I need to write a code to where I press a button on main screen that would take me to a different page at that page I have a drop down menu, which when pressed displays different options to click. 
This options are actually signals that are coming from equipment that this iFix software reads. So what I want is to have those options in the drop down menu to be linked to those signals that I mentioned. and when I press on an option I want data from the signal that is linked to that option to show on a graph, either as a line graph or a chart. 

that equipment I mentioned, it reads pressure and does real life reads

so yehh basically I wan to be able to press on an option that would pop up a line chart or something on a graph. 

so for example lets say I would have a graph at the top right corner of the screen. it would have up most of the screen. and on the left side of the screen I would have the options to press, it could be a drop down menu, or it could be just names like hyperlinks that I press. but drop down menu Is better because we have hundreds of those options. 

hope im making sense.
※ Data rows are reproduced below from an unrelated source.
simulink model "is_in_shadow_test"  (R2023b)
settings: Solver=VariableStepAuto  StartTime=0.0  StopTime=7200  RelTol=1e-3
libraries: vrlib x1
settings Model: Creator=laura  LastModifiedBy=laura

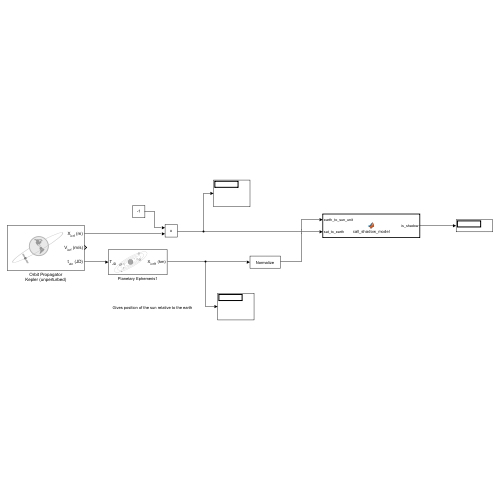
[thumbnail: Simulink's stored preview of the top-level diagram]
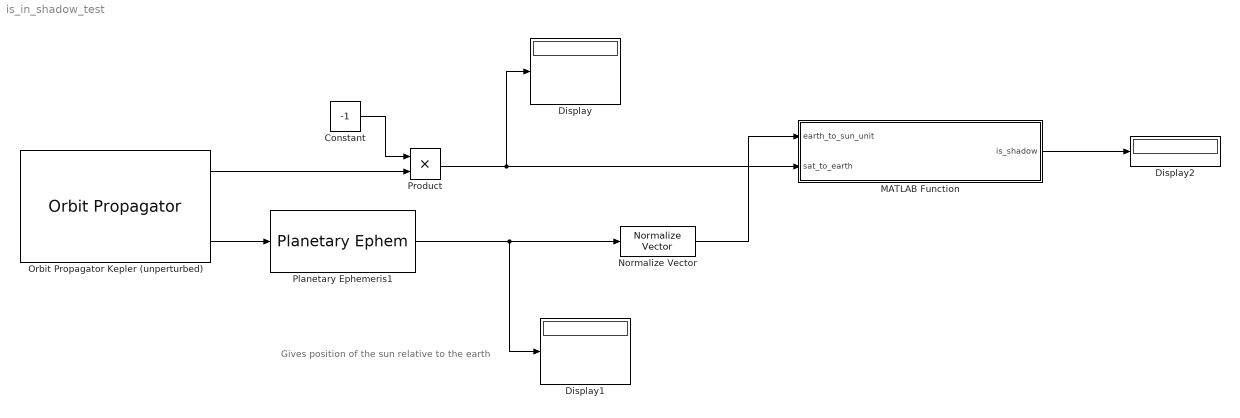
== system is_in_shadow_test ==
  note: Gives position of the sun relative to the earth
  Constant : Constant  Value=-1
  Display : Display
  Display1 : Display
  Display2 : Display
  MATLAB Function : MATLAB Function  TreatAsAtomicUnit=on
  Normalize Vector : vrlib/Utilities/Normalize Vector  maxzero=0
  Orbit Propagator Kepler (unperturbed) : OrbitPropagator  inertialPosition=[3649700.0 3308200.0 -4676600.0]  inertialVelocity=[-2750.8 6666.4 2573.4]  fixedPosition=[-4142689.0 -2676864.7 -4669861.6]  fixedVelocity=[1452.7 -6720.7 2568.1]  customR=3396200  customMu=4.305e13  customJ2=1.0826269e-03  customOmega=4.06125949e-3
  Planetary Ephemeris1 : PlanetaryEphem  target=Sun  outputVelocity=off
  Product : Product
  wires:
  Orbit Propagator Kepler (unperturbed)/3 -> Planetary Ephemeris1/1
  Orbit Propagator Kepler (unperturbed)/1 -> Product/2
  Planetary Ephemeris1/1 -> Display1/1, Normalize Vector/1
  Normalize Vector/1 -> MATLAB Function/1(earth_to_sun_unit)
  MATLAB Function/1(is_shadow) -> Display2/1
  Product/1 -> Display/1, MATLAB Function/2(sat_to_earth)
  Constant/1 -> Product/1

== matlab function is_in_shadow_test/MATLAB Function ==
  data: earth_to_sun_unit input; is_shadow output; sat_to_earth input
function is_shadow = call_shadow_model(earth_to_sun_unit,sat_to_earth)

is_shadow = is_in_shadow(earth_to_sun_unit,sat_to_earth);
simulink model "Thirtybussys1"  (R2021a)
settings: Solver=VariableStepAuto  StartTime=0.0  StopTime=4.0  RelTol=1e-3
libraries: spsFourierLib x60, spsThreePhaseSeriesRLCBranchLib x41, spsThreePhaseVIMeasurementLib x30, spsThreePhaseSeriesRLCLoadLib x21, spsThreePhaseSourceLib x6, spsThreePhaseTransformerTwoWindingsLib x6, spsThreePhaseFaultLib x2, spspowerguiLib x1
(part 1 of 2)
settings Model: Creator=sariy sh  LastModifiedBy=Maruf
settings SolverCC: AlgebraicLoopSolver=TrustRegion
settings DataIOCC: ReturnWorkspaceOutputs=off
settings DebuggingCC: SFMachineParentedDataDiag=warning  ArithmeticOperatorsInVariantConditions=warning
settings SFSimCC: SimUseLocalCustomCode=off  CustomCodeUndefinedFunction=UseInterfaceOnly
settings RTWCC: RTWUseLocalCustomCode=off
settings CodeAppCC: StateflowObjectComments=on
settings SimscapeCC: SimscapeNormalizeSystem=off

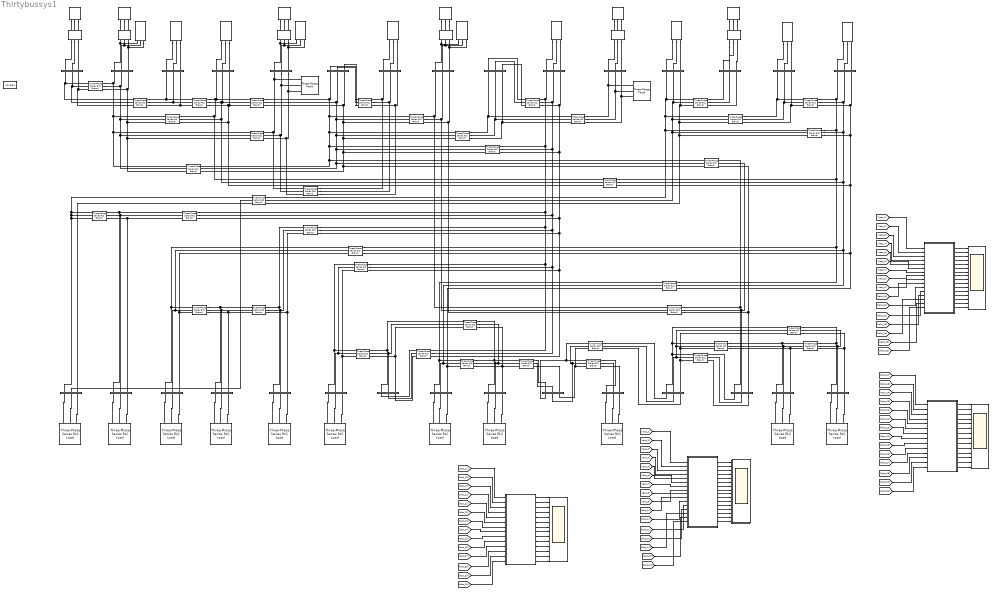
== system Thirtybussys1 ==
  3-Phase Fault : spsThreePhaseFaultLib/Three-Phase Fault  InitialStates=0  FaultA=on  FaultB=on  FaultC=on  GroundFault=on  SwitchTimes=[2.1 3.1]  External=off  SwitchStatus=NaN  FaultResistance=0.01  GroundResistance=0.001  SnubberResistance=1e6  SnubberCapacitance=inf  Measurements=Fault currents
  3-Phase Fault1 : spsThreePhaseFaultLib/Three-Phase Fault  InitialStates=0  FaultA=on  FaultB=on  FaultC=on  GroundFault=on  SwitchTimes=[2.1 3.1]  External=off  SwitchStatus=NaN  FaultResistance=0.01  GroundResistance=0.001  SnubberResistance=1e6  SnubberCapacitance=inf  Measurements=Fault currents
  Bus 1 : spsThreePhaseVIMeasurementLib/Three-Phase V-I Measurement  VoltageMeasurement=phase-to-ground  SetLabelV=on  LabelV=Vabc_1  Vpu=on  VpuLL=off  CurrentMeasurement=yes  SetLabelI=on  LabelI=Iabc_1  Ipu=on  Pbase=100e6  Vbase=500e3  OutputType=Complex  PhasorSimulation=off  PSBequivalent=0
  Bus 10 : spsThreePhaseVIMeasurementLib/Three-Phase V-I Measurement  VoltageMeasurement=phase-to-ground  SetLabelV=on  LabelV=Vabc_10  Vpu=on  VpuLL=off  CurrentMeasurement=yes  SetLabelI=on  LabelI=Iabc_10  Ipu=on  Pbase=100e6  Vbase=500e3  OutputType=Complex  PhasorSimulation=off  PSBequivalent=0
  Bus 11 : spsThreePhaseVIMeasurementLib/Three-Phase V-I Measurement  VoltageMeasurement=phase-to-ground  SetLabelV=on  LabelV=Vabc_11  Vpu=on  VpuLL=off  CurrentMeasurement=yes  SetLabelI=on  LabelI=Iabc_11  Ipu=on  Pbase=100e6  Vbase=500e3  OutputType=Complex  PhasorSimulation=off  PSBequivalent=0
  Bus 12 : spsThreePhaseVIMeasurementLib/Three-Phase V-I Measurement  VoltageMeasurement=phase-to-ground  SetLabelV=on  LabelV=Vabc_12  Vpu=on  VpuLL=off  CurrentMeasurement=yes  SetLabelI=on  LabelI=Iabc_12  Ipu=on  Pbase=100e6  Vbase=500e3  OutputType=Complex  PhasorSimulation=off  PSBequivalent=0
  Bus 13 : spsThreePhaseVIMeasurementLib/Three-Phase V-I Measurement  VoltageMeasurement=phase-to-ground  SetLabelV=on  LabelV=Vabc_13  Vpu=on  VpuLL=off  CurrentMeasurement=yes  SetLabelI=on  LabelI=Iabc_13  Ipu=on  Pbase=100e6  Vbase=500e3  OutputType=Complex  PhasorSimulation=off  PSBequivalent=0
  Bus 14 : spsThreePhaseVIMeasurementLib/Three-Phase V-I Measurement  VoltageMeasurement=phase-to-ground  SetLabelV=on  LabelV=Vabc_14  Vpu=on  VpuLL=off  CurrentMeasurement=yes  SetLabelI=on  LabelI=Iabc_14  Ipu=on  Pbase=100e6  Vbase=500e3  OutputType=Complex  PhasorSimulation=off  PSBequivalent=0
  Bus 15 : spsThreePhaseVIMeasurementLib/Three-Phase V-I Measurement  VoltageMeasurement=phase-to-ground  SetLabelV=on  LabelV=Vabc_15  Vpu=on  VpuLL=off  CurrentMeasurement=yes  SetLabelI=on  LabelI=Iabc_15  Ipu=on  Pbase=100e6  Vbase=500e3  OutputType=Complex  PhasorSimulation=off  PSBequivalent=0
  Bus 16 : spsThreePhaseVIMeasurementLib/Three-Phase V-I Measurement  VoltageMeasurement=phase-to-ground  SetLabelV=on  LabelV=Vabc_16  Vpu=on  VpuLL=off  CurrentMeasurement=yes  SetLabelI=on  LabelI=Iabc_16  Ipu=on  Pbase=100e6  Vbase=500e3  OutputType=Complex  PhasorSimulation=off  PSBequivalent=0
  Bus 17 : spsThreePhaseVIMeasurementLib/Three-Phase V-I Measurement  VoltageMeasurement=phase-to-ground  SetLabelV=on  LabelV=Vabc_17  Vpu=on  VpuLL=off  CurrentMeasurement=yes  SetLabelI=on  LabelI=Iabc_17  Ipu=on  Pbase=100e6  Vbase=500e3  OutputType=Complex  PhasorSimulation=off  PSBequivalent=0
  Bus 18 : spsThreePhaseVIMeasurementLib/Three-Phase V-I Measurement  VoltageMeasurement=phase-to-ground  SetLabelV=on  LabelV=Vabc_18  Vpu=on  VpuLL=off  CurrentMeasurement=yes  SetLabelI=on  LabelI=Iabc_18  Ipu=on  Pbase=100e6  Vbase=500e3  OutputType=Complex  PhasorSimulation=off  PSBequivalent=0
  Bus 19 : spsThreePhaseVIMeasurementLib/Three-Phase V-I Measurement  VoltageMeasurement=phase-to-ground  SetLabelV=on  LabelV=Vabc_19  Vpu=on  VpuLL=off  CurrentMeasurement=yes  SetLabelI=on  LabelI=Iabc_19  Ipu=on  Pbase=100e6  Vbase=500e3  OutputType=Complex  PhasorSimulation=off  PSBequivalent=0
  Bus 2 : spsThreePhaseVIMeasurementLib/Three-Phase V-I Measurement  VoltageMeasurement=phase-to-ground  SetLabelV=on  LabelV=Vabc_2  Vpu=on  VpuLL=off  CurrentMeasurement=yes  SetLabelI=on  LabelI=Iabc_2  Ipu=on  Pbase=100e6  Vbase=500e3  OutputType=Complex  PhasorSimulation=off  PSBequivalent=0
  Bus 20 : spsThreePhaseVIMeasurementLib/Three-Phase V-I Measurement  VoltageMeasurement=phase-to-ground  SetLabelV=on  LabelV=Vabc_20  Vpu=on  VpuLL=off  CurrentMeasurement=yes  SetLabelI=on  LabelI=Iabc_20  Ipu=on  Pbase=100e6  Vbase=500e3  OutputType=Complex  PhasorSimulation=off  PSBequivalent=0
  Bus 21 : spsThreePhaseVIMeasurementLib/Three-Phase V-I Measurement  VoltageMeasurement=phase-to-ground  SetLabelV=on  LabelV=Vabc_21  Vpu=on  VpuLL=off  CurrentMeasurement=yes  SetLabelI=on  LabelI=Iabc_21  Ipu=on  Pbase=100e6  Vbase=500e3  OutputType=Complex  PhasorSimulation=off  PSBequivalent=0
  Bus 22 : spsThreePhaseVIMeasurementLib/Three-Phase V-I Measurement  VoltageMeasurement=phase-to-ground  SetLabelV=on  LabelV=Vabc_22  Vpu=on  VpuLL=off  CurrentMeasurement=yes  SetLabelI=on  LabelI=Iabc_22  Ipu=on  Pbase=100e6  Vbase=500e3  OutputType=Complex  PhasorSimulation=off  PSBequivalent=0
  Bus 23 : spsThreePhaseVIMeasurementLib/Three-Phase V-I Measurement  VoltageMeasurement=phase-to-ground  SetLabelV=on  LabelV=Vabc_23  Vpu=on  VpuLL=off  CurrentMeasurement=yes  SetLabelI=on  LabelI=Iabc_23  Ipu=on  Pbase=100e6  Vbase=500e3  OutputType=Complex  PhasorSimulation=off  PSBequivalent=0
  Bus 24 : spsThreePhaseVIMeasurementLib/Three-Phase V-I Measurement  VoltageMeasurement=phase-to-ground  SetLabelV=on  LabelV=Vabc_24  Vpu=on  VpuLL=off  CurrentMeasurement=yes  SetLabelI=on  LabelI=Iabc_24  Ipu=on  Pbase=100e6  Vbase=500e3  OutputType=Complex  PhasorSimulation=off  PSBequivalent=0
  Bus 25 : spsThreePhaseVIMeasurementLib/Three-Phase V-I Measurement  VoltageMeasurement=phase-to-ground  SetLabelV=on  LabelV=Vabc_25  Vpu=on  VpuLL=off  CurrentMeasurement=yes  SetLabelI=on  LabelI=Iabc_25  Ipu=on  Pbase=100e6  Vbase=500e3  OutputType=Complex  PhasorSimulation=off  PSBequivalent=0
  Bus 26 : spsThreePhaseVIMeasurementLib/Three-Phase V-I Measurement  VoltageMeasurement=phase-to-ground  SetLabelV=on  LabelV=Vabc_26  Vpu=on  VpuLL=off  CurrentMeasurement=yes  SetLabelI=on  LabelI=Iabc_26  Ipu=on  Pbase=100e6  Vbase=500e3  OutputType=Complex  PhasorSimulation=off  PSBequivalent=0
  Bus 27 : spsThreePhaseVIMeasurementLib/Three-Phase V-I Measurement  VoltageMeasurement=phase-to-ground  SetLabelV=on  LabelV=Vabc_27  Vpu=on  VpuLL=off  CurrentMeasurement=yes  SetLabelI=on  LabelI=Iabc_27  Ipu=on  Pbase=100e6  Vbase=500e3  OutputType=Complex  PhasorSimulation=off  PSBequivalent=0
  Bus 28 : spsThreePhaseVIMeasurementLib/Three-Phase V-I Measurement  VoltageMeasurement=phase-to-ground  SetLabelV=on  LabelV=Vabc_28  Vpu=on  VpuLL=off  CurrentMeasurement=yes  SetLabelI=on  LabelI=Iabc_28  Ipu=on  Pbase=100e6  Vbase=500e3  OutputType=Complex  PhasorSimulation=off  PSBequivalent=0
  Bus 29 : spsThreePhaseVIMeasurementLib/Three-Phase V-I Measurement  VoltageMeasurement=phase-to-ground  SetLabelV=on  LabelV=Vabc_29  Vpu=on  VpuLL=off  CurrentMeasurement=yes  SetLabelI=on  LabelI=Iabc_29  Ipu=on  Pbase=100e6  Vbase=500e3  OutputType=Complex  PhasorSimulation=off  PSBequivalent=0
  Bus 3 : spsThreePhaseVIMeasurementLib/Three-Phase V-I Measurement  VoltageMeasurement=phase-to-ground  SetLabelV=on  LabelV=Vabc_3  Vpu=on  VpuLL=off  CurrentMeasurement=yes  SetLabelI=on  LabelI=Iabc_3  Ipu=on  Pbase=100e6  Vbase=500e3  OutputType=Complex  PhasorSimulation=off  PSBequivalent=0
  Bus 30 : spsThreePhaseVIMeasurementLib/Three-Phase V-I Measurement  VoltageMeasurement=phase-to-ground  SetLabelV=on  LabelV=Vabc_30  Vpu=on  VpuLL=off  CurrentMeasurement=yes  SetLabelI=on  LabelI=Iabc_30  Ipu=on  Pbase=100e6  Vbase=500e3  OutputType=Complex  PhasorSimulation=off  PSBequivalent=0
  Bus 4 : spsThreePhaseVIMeasurementLib/Three-Phase V-I Measurement  VoltageMeasurement=phase-to-ground  SetLabelV=on  LabelV=Vabc_4  Vpu=on  VpuLL=off  CurrentMeasurement=yes  SetLabelI=on  LabelI=Iabc_4  Ipu=on  Pbase=100e6  Vbase=500e3  OutputType=Complex  PhasorSimulation=off  PSBequivalent=0
  Bus 5 : spsThreePhaseVIMeasurementLib/Three-Phase V-I Measurement  VoltageMeasurement=phase-to-ground  SetLabelV=on  LabelV=Vabc_5  Vpu=on  VpuLL=off  CurrentMeasurement=yes  SetLabelI=on  LabelI=Iabc_5  Ipu=on  Pbase=100e6  Vbase=500e3  OutputType=Complex  PhasorSimulation=off  PSBequivalent=0
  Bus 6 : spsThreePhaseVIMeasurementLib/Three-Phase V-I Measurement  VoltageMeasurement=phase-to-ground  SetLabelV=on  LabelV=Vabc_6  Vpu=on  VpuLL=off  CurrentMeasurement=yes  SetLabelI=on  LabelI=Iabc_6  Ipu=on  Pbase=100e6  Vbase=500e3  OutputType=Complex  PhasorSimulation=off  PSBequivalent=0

Please help. thank you

----------


## 6StringJazzer

This is the first I've heard of VBA being used anywhere but in a Microsoft Office application.

The power of VBA is in the object model for the application. I have no idea what the object model is for Proficy iFix, how it stores data, or anything else about it. So it's going to be hard to get help here, since we specialize in Microsoft Office. If you can point to some documentation for the Proficy iFix VBA object model we might be able to help you navigate it. But the information in your post is not even enough to get started.

----------


## MarvinP

Hi Mike,

Have you looked at this site?
http://help.geautomation.com/iFIX58/...ction%7C_____0 

If you were doing this using Excel, you could record a macro and see what it looked like.  I'm not sure that is possible with iFix.

----------


## miket11

Guys, thanks for even taking time to answers. I appreciate it. Sorry didn't reply earlier. 

Unfortunately these companies like iFix they like to keep their information hidden from public and customer. if you want to learn more you need to pay. I paid 4k for a one week course couple months ago and its was just an introductory course. lol

From what I was told in that course, VBA in iFix has exactly same commands and stuff as VBA for Microsoft Excel. They have it licensed from Microsoft to be used in their application. based on that I assumed it should all be relevant. 

But still thanks to those who answered and will answer still.  :Smilie:

----------


## miket11

Thanks Marvin, I've seen that page at some point. but for me for some reason its hard to understand those instructions because it seems those instructions are made more for those who are pretty comfortable with VBA. I'm still very new to all this.  :Frown:

----------


## jonasnic

Hi.
I know this is kind of an old thread.
But my day to day work is mostly working with ifix as a solution provider, and i could probably help if you have some problems.

----------